Research Projects in The Churchill Group and Korstanje Group:
My postdoctoral work is focused on studying aging as a complex trait under the joint mentorship of Ron Korstanje and Gary Churchill as part of The Jackson Laboratory Nathan Shock Center of Excellence in the Basic Biology of Aging. The bulk of this work is aimed at applying genome-scale statistical techniques to identify novel genetic players in longevity determination and the regulation of age-dependent changes in target of rapamycin (TOR) signaling and insulin/IGF-1-like signaling (IIS), two central aging pathways.
To achieve this aim I employ two primary strategies. In the first, I am using quantitative trait loci (QTL) analysis to identify loci associated with either longevity or pathway specific markers of TOR signaling and IIS in F2 intercross or diversity outbred (DO) mouse populations. Genetic mapping techniques that are being developed in the Churchill lab in the DO mouse population allow for high-precision QTL mapping, possibly to single-gene resolution.

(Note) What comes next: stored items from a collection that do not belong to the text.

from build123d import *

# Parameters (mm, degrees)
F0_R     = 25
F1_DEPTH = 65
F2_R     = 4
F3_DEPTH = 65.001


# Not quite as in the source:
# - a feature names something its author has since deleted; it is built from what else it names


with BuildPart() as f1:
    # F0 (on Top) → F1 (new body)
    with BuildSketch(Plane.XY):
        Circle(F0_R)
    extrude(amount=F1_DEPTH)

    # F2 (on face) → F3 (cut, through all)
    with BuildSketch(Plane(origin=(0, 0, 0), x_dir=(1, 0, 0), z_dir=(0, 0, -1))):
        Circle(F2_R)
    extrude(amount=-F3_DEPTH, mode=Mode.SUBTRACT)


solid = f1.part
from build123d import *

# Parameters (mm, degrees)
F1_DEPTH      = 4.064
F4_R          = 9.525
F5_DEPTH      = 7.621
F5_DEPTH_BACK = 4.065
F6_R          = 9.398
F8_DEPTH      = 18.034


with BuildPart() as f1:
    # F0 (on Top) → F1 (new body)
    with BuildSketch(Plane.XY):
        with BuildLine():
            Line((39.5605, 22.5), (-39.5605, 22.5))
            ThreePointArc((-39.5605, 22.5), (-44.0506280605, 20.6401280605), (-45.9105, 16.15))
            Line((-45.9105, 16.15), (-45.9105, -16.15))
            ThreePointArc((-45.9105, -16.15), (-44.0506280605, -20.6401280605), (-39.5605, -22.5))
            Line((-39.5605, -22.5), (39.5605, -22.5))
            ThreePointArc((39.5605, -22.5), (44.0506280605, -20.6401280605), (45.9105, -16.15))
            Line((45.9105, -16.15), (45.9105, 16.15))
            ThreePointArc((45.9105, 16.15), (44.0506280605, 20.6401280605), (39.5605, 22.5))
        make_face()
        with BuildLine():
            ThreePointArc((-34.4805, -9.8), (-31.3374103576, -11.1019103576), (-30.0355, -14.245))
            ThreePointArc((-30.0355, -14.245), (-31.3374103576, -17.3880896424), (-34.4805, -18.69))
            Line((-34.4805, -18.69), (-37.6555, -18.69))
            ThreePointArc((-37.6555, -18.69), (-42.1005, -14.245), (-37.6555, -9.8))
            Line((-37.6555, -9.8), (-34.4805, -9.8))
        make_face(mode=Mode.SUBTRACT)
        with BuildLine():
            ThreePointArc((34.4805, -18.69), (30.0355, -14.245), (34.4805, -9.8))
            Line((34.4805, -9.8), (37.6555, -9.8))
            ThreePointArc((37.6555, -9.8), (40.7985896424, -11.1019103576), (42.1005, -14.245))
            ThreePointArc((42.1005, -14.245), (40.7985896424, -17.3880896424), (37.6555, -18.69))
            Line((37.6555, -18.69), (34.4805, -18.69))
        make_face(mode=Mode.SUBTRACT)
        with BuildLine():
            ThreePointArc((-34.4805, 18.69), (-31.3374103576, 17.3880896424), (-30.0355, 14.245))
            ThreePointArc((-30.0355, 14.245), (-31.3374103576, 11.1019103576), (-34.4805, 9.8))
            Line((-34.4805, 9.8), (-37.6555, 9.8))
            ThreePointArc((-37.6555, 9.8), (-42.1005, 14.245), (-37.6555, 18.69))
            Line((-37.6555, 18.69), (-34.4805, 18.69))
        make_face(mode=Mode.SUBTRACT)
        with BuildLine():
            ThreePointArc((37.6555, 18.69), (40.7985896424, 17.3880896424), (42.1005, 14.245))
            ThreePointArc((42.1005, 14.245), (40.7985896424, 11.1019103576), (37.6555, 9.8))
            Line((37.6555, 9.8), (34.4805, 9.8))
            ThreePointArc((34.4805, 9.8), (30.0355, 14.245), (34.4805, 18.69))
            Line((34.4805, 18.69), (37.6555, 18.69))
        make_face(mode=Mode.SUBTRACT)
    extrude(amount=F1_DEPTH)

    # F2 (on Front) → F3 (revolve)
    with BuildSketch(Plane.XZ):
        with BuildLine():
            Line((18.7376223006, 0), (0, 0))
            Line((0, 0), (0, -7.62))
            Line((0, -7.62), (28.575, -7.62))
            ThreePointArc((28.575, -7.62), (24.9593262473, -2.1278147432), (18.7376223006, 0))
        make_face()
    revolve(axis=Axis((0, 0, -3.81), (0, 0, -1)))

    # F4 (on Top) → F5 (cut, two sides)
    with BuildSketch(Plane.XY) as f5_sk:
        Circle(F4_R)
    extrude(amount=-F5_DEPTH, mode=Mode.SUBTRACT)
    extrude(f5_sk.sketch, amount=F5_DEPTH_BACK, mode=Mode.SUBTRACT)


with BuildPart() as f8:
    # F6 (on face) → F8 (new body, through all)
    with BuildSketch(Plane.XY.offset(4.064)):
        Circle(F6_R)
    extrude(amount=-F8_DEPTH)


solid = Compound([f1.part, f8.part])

In the second strategy, I use comparative genetics to select strong genetic candidates for evolutionarily conserved factors in determining longevity. Meta-analysis of published human and mouse genome-wide association studies allowed us to generate an initial list of longevity-associated genes. I then narrow the list by selecting only genes for which orthologous gene display a clear effect on aging in the nematode, Caenorhabditis elegans, thus leveraging the relatively fast and inexpensive techniques available to modify gene expression and assess life span in worms. I then return to mammals, examining the impact of altering expression of genes on the refined candidate list on life span and other age-associated phenotypes using mouse models.